The language of individual entrepreneurship has become all-pervasive across many sectors of society.  It has, therefore, become increasingly difficult for faculty, administrators, students, and public officials even to talk about the public role of universities in a democratic society. This was not always the case. Universities in Canada, as elsewhere, were founded on ideals of knowledge and service in the public interest. Universities had a noble mission – if not always fulfilled – to create knowledge and foster learning that would serve the public good and contribute to the social welfare. Academic workers at all levels and of all kinds need to fight to regain this central mission. What is the role of the university in fostering civic leadership, civic engagement, and social cohesion? How can education re-invigorate democratic participation? How can colleges and universities strengthen our communities and our connections to one another?

I sometimes ask my education students to consider how schools in a democratic society should differ from those in a totalitarian nation. It seems plausible that a good lesson in chemistry or a foreign language might seem equally at home in many parts of the world. Every nation wants its educational institutions to prepare students for active participation in the workforce. So what would be different about teaching and learning in a Canadian classroom than in a classroom in a country governed by a one-ruling-party dictatorship? Most of us would like to believe that schools in a democratic nation would foster the skills and dispositions needed to participate fully in democratic life; namely, the ability to think critically and carefully about social policies, cultural assumptions and, especially, relations of power. Many schoolteachers and university professors, however, are concerned that students are learning more about how to please authority and secure a job than how to develop democratic convictions and stand up for them.

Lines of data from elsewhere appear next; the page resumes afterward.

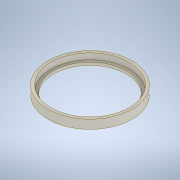
# Autodesk Inventor part: внешнее кольцо подшипника
Saved by Autodesk Inventor 2020.1 (Build 241239000, 239)
## iProperties
Created: 2022-04-01
Part Number: внешнее кольцо подшипника
Material: Титан
Document SubType Name: Modeling
Designer: User
Density: 4.51 g/cm^3
Appearance: Титан
Author: User
Autodesk Inventor part; units mm, degrees
ref_plane "YZ Plane" through (0, 0, 0) normal (1, 0, 0) x (0, 1, 0)
ref_plane "XZ Plane" through (0, 0, 0) normal (0, 1, 0) x (-1, 0, 0)
ref_plane "XY Plane" through (0, 0, 0) normal (0, 0, 1) x (1, 0, 0)
sketch "Эскиз1" plane through (0, 0, 0) normal (0, 1, 0) x (-1, 0, 0)
  circle A0 centre (0, 0) radius 60
  circle A1 centre (0, 0) radius 52
  point P0 (0, 52)
  point P1 (0, 60)
  dimension "d0" = 120
  dimension "d3" = 8
  constraints: 2 coincident, 2 vertical alignment, 4 other
  measures "d3" distance of point (0, 60) point (0, 52)
extrude "Выдавливание1" add sketch "Эскиз1" along normal blind 4
sketch "Эскиз2" plane through (0, 4, 0) normal (0, 1, 0) x (1, 0, 0)
  circle A0 centre (0, 0) radius 60
  circle A1 centre (0, 0) radius 56
  circle A2 centre (0, 0) radius 60 projected
  point P0 (0, -56)
  point P1 (0, -60)
  point P2 (0, -60)
  dimension "d4" = 4
  dimension "d5" = 0
  constraints: 3 vertical alignment, 2 coincident, 5 other
  measures "d4" distance of point (0, -56) point (0, -60)
  measures "d5" distance of point (0, -60) point (0, -60)
extrude "Выдавливание2" add sketch "Эскиз2" along normal blind 8.5

There are many powerful ways to teach young adults to think critically about social policy issues, participate in authentic debate over matters of importance, and understand that people of good will can have different opinions. Indeed democratic progress depends on these differences. If universities hope to strengthen democratic society, they must resist focusing  curriculum and research on skills-training, workforce preparation, and the commercialization of knowledge to the benefit of private industry. They must instead participate in the rebuilding of a public purpose for education. How to do so is a matter of professorial imagination.

Joel Westheimer holds the University Research Chair in Democracy and Education and is a Professor in the Faculty of Education at the University of Ottawa.